Achieving consensus among stakeholders for pursuing such a strategy is challenging in a political context. Governments, and particularly parliamentarians, hate to see even short-term or unrealized losses on a sovereign wealth fund’s balance sheet at the end of the year. Consequently they often seek to minimize losses at times of market volatility rather than using the opportunity to seek out longer-term gains. They want to avoid being taken to task for short-term red ink, as the $548 billion KIA is only too aware of as a result of its now annual public beratings in parliament.
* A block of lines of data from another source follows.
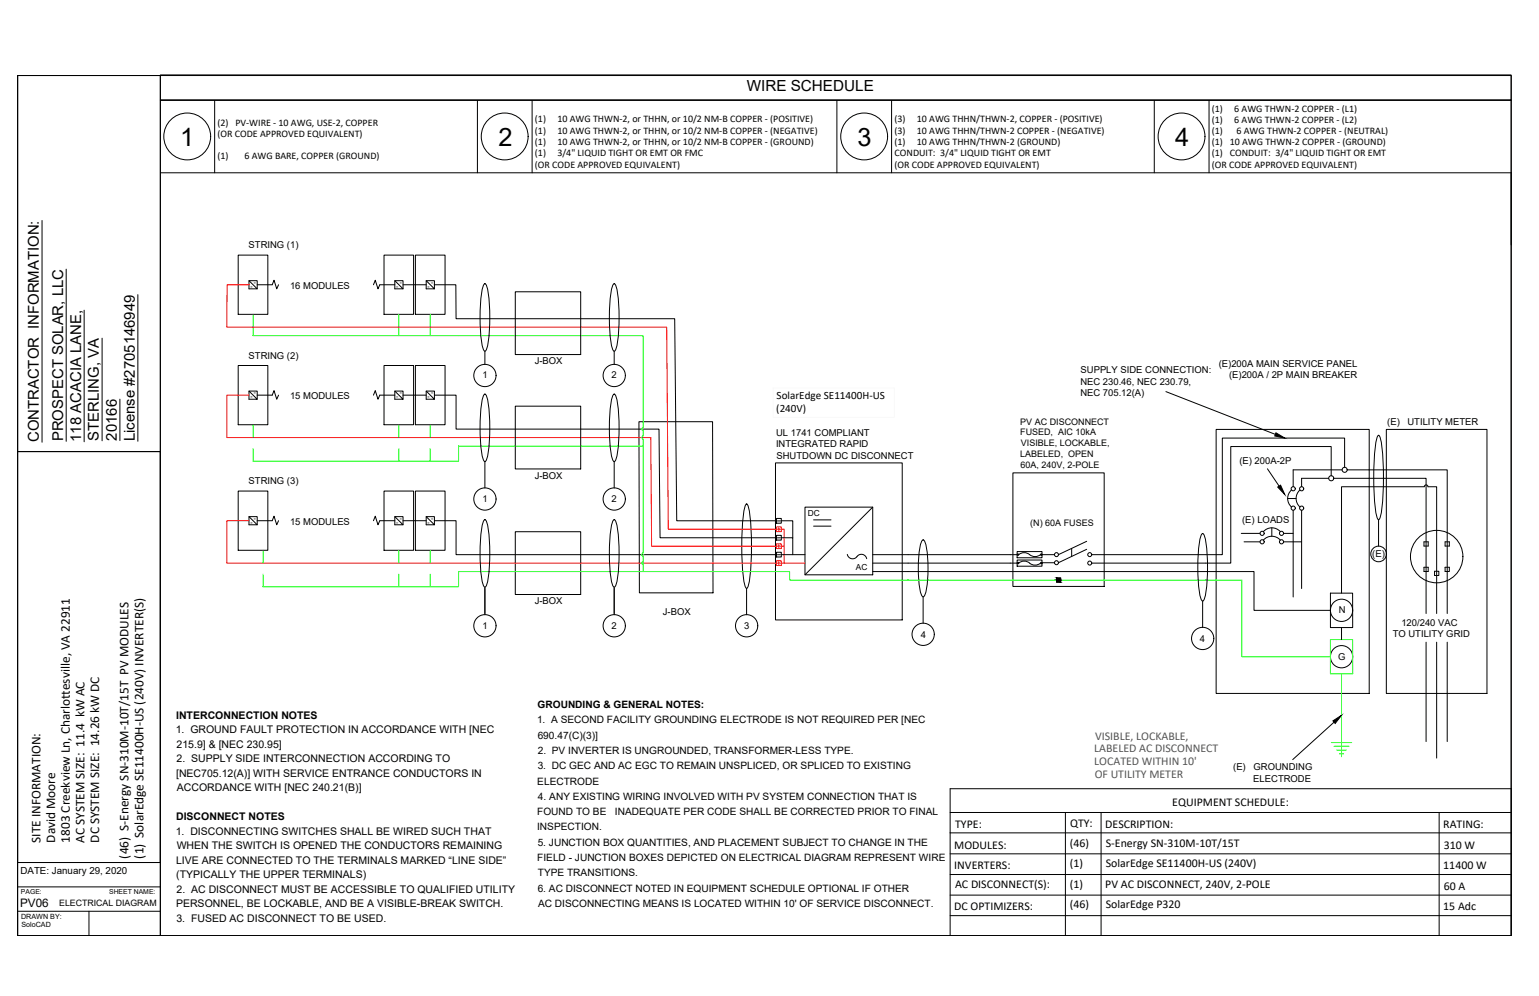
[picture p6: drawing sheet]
<svg xmlns="http://www.w3.org/2000/svg" width="432mm" height="279mm" viewBox="0 0 432 279" stroke-linecap="round" stroke-linejoin="round" font-family="sans-serif">
<!-- layer: 0 -->
<g fill="none" stroke="#000" stroke-width=".28">
<path d="M4.9 21.2h40.1v105.5h-40.1zM4.9 21.2v241.3h419.1v-241.3h-419.1v241.3M45 28.1h379v234.4h-379zM45 28.1h379M60.2 28.1v20.4M133.9 28.1v20.4M149.3 28.1v20.4M234.8 28.1v20.4M250.2 28.1v20.4M323.9 28.1v20.4M339.2 28.1v20.4M45 48.5h379"/>
<path d="M424 48.4v20.3M72.2 79.9h4.2M106.6 79.9h4.2M113.1 79.9h6.5M121.8 79.9h6.1l.1 9.5h61.3l.6 56.7h28M136 98.5v3.7M144.6 81.9h18.3v17.6h-18.3zM172.3 98.5v3.7M72.2 110.8h4.2M106.6 110.8h4.2M113.1 110.8h6.5M121.9 110.8h6.1v9.6h56.9l.3 30.5h32.7"/>
<path d="M144.6 113.9h18.3v17.7h-18.3zM179.3 118.3h20.6l.2 48h-20.7zM327.1 109.9l30.7 12M4.9 126.7h40.1v115.3h-40.1zM45 126.7v115.2M136 129.5v7.4M172.3 129.5v7.4M217.6 129.9h35.5v44h-35.5zM284.2 132.7h25.6v31.8h-25.6zM341.2 120.5h43v74h-43zM355.6 131.5l3.3 4.9M361.3 139.8h2.4"/>
<path d="M362.4 137.5a3.2 3.2 0 0 0 0 4.7M364.7 137.5a3.2 3.2 0 0 0 0 4.7M372.8 134.2h-7.6v2.3M373.5 133.5v-8.2h-28.2v32.7h-7M374.2 134.2h10M376.6 131.8h-13.8v4.7M377.3 131.1v-8.2h-34.4v32.7h-4.6M378 131.8h6.2M384.1 131.8h21.9v40.3M384.1 134.2h16v37.9M384.1 136.5h15.5a.51 .51 0 0 1 .5-.5 .51 .51 0 0 1 .5 .5h2.5v35.6M384.2 136.5h-7.8v29.9"/>
<path d="M389 120.5h28.2v74h-28.2zM72.2 146.1h4.2M106.6 146.1h4.2M113.1 146.1h6.5M121.9 146.1h6.1v9.5h89.9M144.6 149.2h18.3v17.6h-18.3zM219.2 150.9h3.2v4.7M219.2 146.1h3.2v4.8M219.2 155.6h6.7M225.9 142.3h19v18.9h-19zM228.3 145.8h4.9M228.3 147.6h4.9"/>
<path d="M237.7 155.5a1.56 1.56 0 0 0 1.4 1.3 1.56 1.56 0 0 0 1.6-.9 1.51 1.51 0 0 1 2.5 .8M244.9 142.3l-19 18.9M244.9 158h9.9M244.9 155.6h9.9M285.4 154.7h7v1.8h-7zM285.4 157.1h7v1.7h-7zM285.8 155.6a2.34 2.34 0 0 1 3.1 0M285.8 158a2.34 2.34 0 0 1 3.1 0M288.9 155.6a2.34 2.34 0 0 0 3 0M288.9 158a2.34 2.34 0 0 0 3 0M292.4 155.6h3.5M292.4 157.9h3.5"/>
<path d="M300.7 153.8v2.3M304.9 151.8l-7.9 3.8M304.9 154.1l-7.9 3.8M348.3 149.6h5.2M349 152h4.5M354.5 149.1a3.2 3.2 0 0 1 4.7 0M354.5 151.5a3.2 3.2 0 0 1 4.7 0M356.8 148.1v2.4M360.1 152h5.1M360.1 149.6h2.7M362.8 143.2v24.3M365.2 143.2v21.9"/>
<path d="M386.8 145.8v7.4M399.5 152h1.2v1.2h-1.2zM399.5 159.1h1.2v1.2h-1.2zM405.5 159.1h1.1v1.2h-1.1zM405.5 152h1.1v1.2h-1.1zM136 164.7v7.7M172.3 164.7v7.7M209.5 165.1v7.3M244.9 160.3h93.4M259 167.4v7.4M296.4 162.1h1.2v1.2h-1.2zM337.4 168.6v7.4"/>
<path d="M338.3 160.3h13.5v10.9h21.5M373.3 166.4h6.2v9.6h-6.2zM376.4 176v3.4M402.5 160.3h1.2v1.1h-1.2zM400.1 180.1v27.9M403.1 180.1v32.6M406 180.1v27.9M374.3 202.6l-11.6 10.5M266.6 227.9h157.4M266.6 233.6h157.4M266.6 239.5h157.4M298.9 227.9v34.6"/>
<path d="M308.9 227.9v34.6M403.8 227.9v34.6M4.9 248.8h40.1M4.9 255.6h40.1M4.9 242h40.1M25 255.6v6.9M45 242v20.5h-40.1v-6.3M266.6 245.3h157.4M266.6 251.1h157.4M266.6 256.9h157.4M266.6 262.5v-41.2h157.4v41.2"/>
<circle cx="52.5" cy="38.3" r="6.6"/>
<circle cx="141.6" cy="38.3" r="6.6"/>
<circle cx="242.5" cy="38.3" r="6.6"/>
<circle cx="331.5" cy="38.3" r="6.6"/>
<circle cx="136.1" cy="105.3" r="3.1"/>
<circle cx="172.3" cy="105.3" r="3.1"/>
<circle cx="136.1" cy="140" r="3.1"/>
<circle cx="172.3" cy="140" r="3.1"/>
<circle cx="362.8" cy="137.1" r=".58"/>
<circle cx="365.2" cy="137.1" r=".58"/>
<circle cx="373.5" cy="134.2" r=".71"/>
<circle cx="377.3" cy="131.8" r=".71"/>
<circle cx="285.6" cy="158" r=".22"/>
<circle cx="285.6" cy="155.6" r=".22"/>
<circle cx="292.2" cy="155.6" r=".22"/>
<circle cx="292.2" cy="158" r=".22"/>
<circle cx="296.4" cy="157.9" r=".56"/>
<circle cx="296.4" cy="155.6" r=".56"/>
<circle cx="305.7" cy="158" r=".56"/>
<circle cx="305.7" cy="155.6" r=".56"/>
<circle cx="354.1" cy="152" r=".58"/>
<circle cx="354.1" cy="149.6" r=".58"/>
<circle cx="359.6" cy="152" r=".58"/>
<circle cx="359.6" cy="149.6" r=".58"/>
<circle cx="362.8" cy="142.5" r=".58"/>
<circle cx="365.2" cy="142.5" r=".58"/>
<circle cx="386.8" cy="155.4" r="2.19"/>
<circle cx="403.1" cy="156.1" r="7.4"/>
<circle cx="136.1" cy="175.5" r="3.1"/>
<circle cx="172.3" cy="175.5" r="3.1"/>
<circle cx="209.5" cy="175.5" r="3.1"/>
<circle cx="259" cy="177.9" r="3.1"/>
<circle cx="337.4" cy="179.1" r="3.1"/>
<circle cx="376.4" cy="171.2" r="3.1"/>
<circle cx="376.4" cy="184.2" r="3.1"/>
</g>
<!-- layer: wirecallout -->
<path d="M135.8 79.7l.3-.1a5.6 5.6 0 0 1 1.1 3.9 44.3 44.3 0 0 1-.7 14.5l-.4 .5a5.6 5.6 0 0 1-1.1-3.8 44.3 44.3 0 0 1 .6-14.6zM172.1 79.7l.2-.1a5.6 5.6 0 0 1 1.1 3.9 44.3 44.3 0 0 1-.6 14.5l-.5 .5a5.6 5.6 0 0 1-1.1-3.8 44.3 44.3 0 0 1 .7-14.6zM135.8 110.7l.3-.1a5.6 5.6 0 0 1 1.1 3.8 44.3 44.3 0 0 1-.7 14.6l-.4 .5a5.6 5.6 0 0 1-1.1-3.9 44.3 44.3 0 0 1 .6-14.6zM172.1 110.7l.2-.1a5.6 5.6 0 0 1 1.1 3.8 44.3 44.3 0 0 1-.6 14.6l-.5 .5a5.6 5.6 0 0 1-1.1-3.9 44.3 44.3 0 0 1 .7-14.6zM386.6 122.2l.2-.1a6.5 6.5 0 0 1 1 4.1 68.7 68.7 0 0 1-.6 19.1l-.4 .5a6.5 6.5 0 0 1-1-4.1 68.7 68.7 0 0 1 .6-19.1zM135.8 145.9l.3-.1a5.6 5.6 0 0 1 1.1 3.9 44.3 44.3 0 0 1-.7 14.5l-.4 .5a5.6 5.6 0 0 1-1.1-3.9 44.3 44.3 0 0 1 .6-14.5zM172.1 145.9l.2-.1a5.6 5.6 0 0 1 1.1 3.9 44.3 44.3 0 0 1-.6 14.5l-.5 .5a5.6 5.6 0 0 1-1.1-3.9 44.3 44.3 0 0 1 .7-14.5zM209.3 141.5l.2-.1a6.5 6.5 0 0 1 1 4 68.7 68.7 0 0 1-.6 19.2l-.4 .5a6.5 6.5 0 0 1-1-4.1 68.7 68.7 0 0 1 .6-19.1zM258.8 151.6l.2-.2a5.4 5.4 0 0 1 1.2 4 31.5 31.5 0 0 1-.7 11.5l-.5 .5a5.4 5.4 0 0 1-1.2-3.9 31.5 31.5 0 0 1 .7-11.6zM337.2 149.8l.2-.1a5.6 5.6 0 0 1 1.1 3.8 44.3 44.3 0 0 1-.6 14.6l-.5 .5a5.6 5.6 0 0 1-1.1-3.9 44.3 44.3 0 0 1 .7-14.5z" fill="none" stroke="#000" stroke-width=".28"/>
<!-- layer: Positive -->
<g fill="none" stroke="#f00" stroke-width=".28">
<path d="M70 79.9h-6.3l-.1 11.9h123.5l.4 56.7h30.4M69.9 110.8h-6.3v11.9h119l.2 30.5h35.1M69.9 146.1h-6.3v11.9h154.3M217.9 152.5h1.3v1.4h-1.3zM217.9 157.3h1.3v1.3h-1.3zM217.9 147.8h1.3v1.3h-1.3zM218.1 157.9h.9M218.1 153.2h.9M218.1 148.4h.9M218.5 148.1v.8M218.5 152.8v.8M218.5 157.6v.8"/>
<path d="M219.2 148.5h.8v9.5M219.2 158h6.7M219.2 153.2h.8"/>
</g>
<!-- layer: Modules -->
<path d="M66.8 71.6h8.3v16.6h-8.3zM107.7 71.6h8.3v16.6h-8.3zM116.6 71.6h8.3v16.6h-8.3zM66.8 102.5h8.3v16.6h-8.3zM107.7 102.5h8.3v16.6h-8.3zM116.6 102.5h8.3v16.6h-8.3zM66.8 137.8h8.3v16.6h-8.3zM107.7 137.8h8.3v16.6h-8.3zM116.6 137.8h8.3v16.6h-8.3z" fill="none" stroke="#000" stroke-width=".28"/>
<!-- layer: Object -->
<path d="M69.9 78.7l2.3 2.3h-2.3v-2.3h2.3v2.3M110.8 78.7l2.3 2.3h-2.3v-2.3h2.3v2.3M119.6 78.7l2.3 2.3h-2.3v-2.3h2.3v2.3M69.9 109.7l2.3 2.3h-2.3v-2.3h2.3v2.3M110.8 109.7l2.3 2.3h-2.3v-2.3h2.3v2.3M119.6 109.7l2.3 2.3h-2.3v-2.3h2.3v2.3M69.9 144.9l2.3 2.3h-2.3v-2.3h2.3v2.3M110.8 144.9l2.3 2.3h-2.3v-2.3h2.3v2.3M119.6 144.9l2.3 2.3h-2.3v-2.3h2.3v2.3" fill="none" stroke="#000" stroke-width=".28"/>
<!-- layer: Lines -->
<path d="M76.4 79.9l.5-1.3 .7 2.4 .6-1.1M104.8 79.9l.5-1.3 .8 2.4 .5-1.1M76.4 110.8l.5-1.2 .7 2.4 .6-1.2M104.8 110.8l.5-1.2 .8 2.4 .5-1.2M76.4 146.1l.5-1.3 .7 2.4 .6-1.1M104.8 146.1l.5-1.3 .8 2.4 .5-1.1" fill="none" stroke="#000" stroke-width=".28"/>
<!-- layer: Ground -->
<g fill="none" stroke="#0f0" stroke-width=".28">
<path d="M71 88.2v5.9h109.4v25.8M111.9 88.2v5.9M120.7 88.2v5.9M71 119.1v3.6M111.9 119.1v3.6M120.7 119.1v3.6M180.5 119.9l-.4 .5 .4 .4M71 125.9v3.5h57.7v-4.3h51.7v30.1M111.9 125.9v3.5M120.7 125.9v3.5M180.4 120.8v1.5M180.4 123.2v1.9"/>
<path d="M180.5 122.3l-.4 .4 .4 .5M73.8 154.4v3.5M111.9 154.4v3.5M120.7 154.4v3.5M180.4 158h.1M180.4 155.6h.1M180.4 156v1.5M180.4 158.4v1.9M180.5 157.5l-.4 .5 .4 .4M180.5 155.1l-.4 .5 .4 .4M73.8 161.1v3.5h54.9v-4.3h92.8v2.4h116.8M111.9 161.1v3.5"/>
<path d="M120.7 161.1v3.5M338.3 162.7h10.2v21.5h24.8M373.3 179.4h6.2v9.7h-6.2zM376.4 189.1v23.2M373.5 208.3h5.8M374.3 209.4h4.2M375.1 210.4h2.6M375.8 211.5h1.2"/>
</g>
<!-- layer: Negative -->
<path d="M217.9 150.2h1.3v1.3h-1.3zM217.9 154.9h1.3v1.4h-1.3zM217.9 145.4h1.3v1.4h-1.3zM218.1 150.9h.9M218.1 155.6h.9M218.1 146.1h.9M254.8 155.6h30.6M306.3 155.6h32" fill="none" stroke="#000" stroke-width=".28"/>
<!-- layer: 0 -->
<path d="M216.9 108.8h34v8.3h-34z" fill="none" stroke="#fafafa" stroke-width=".28"/>
<!-- layer: Positive -->
<path d="M254.8 158h30.6M306.3 158h32" fill="none" stroke="#000" stroke-width=".28"/>
<!-- layer: 0 -->
<g fill="#000" stroke="#000" stroke-width=".28">
<path d="M358 121.4l2.5 1.5-2.8-.6zM358.5 136.6l.8-.5 1.2 2.6zM374 202.2l2.4-1.5-1.8 2.2z"/>
<path d="M296.4 162.1l1.2 .6v-.6zM296.4 162.1l1.2 .6h-1.2z"/>
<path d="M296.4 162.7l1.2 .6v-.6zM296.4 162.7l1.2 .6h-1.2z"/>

One sovereign wealth fund that has actively sought to address this challenge by gaining the support and trust of its government owner is the $21.5 billion New Zealand Superannuation Fund. Matt Whineray, the fund’s CIO, told Sovereign Wealth Center last month that the difficult part of the fund’s strategic tilting strategy, which enables it to take short-term contrarian positions, is "to create the discipline to put the positions on notwithstanding volatility." To do so, the fund structured the strategy so that it makes such moves reflexively, rather than after deliberation. "Our default is to put something on and only in exceptional circumstances depart from the model, which really aids the countercyclicality of the strategy," Whineray says.

But such exemplars are scarce. Whineray concedes those contrarian bets are "a scary place to be" even for investment professionals. The challenge that all sovereign wealth funds face is to make their stakeholders less afraid of the short-term losses and incentivize their staff to take the long-term outlook. Both are easier said than done.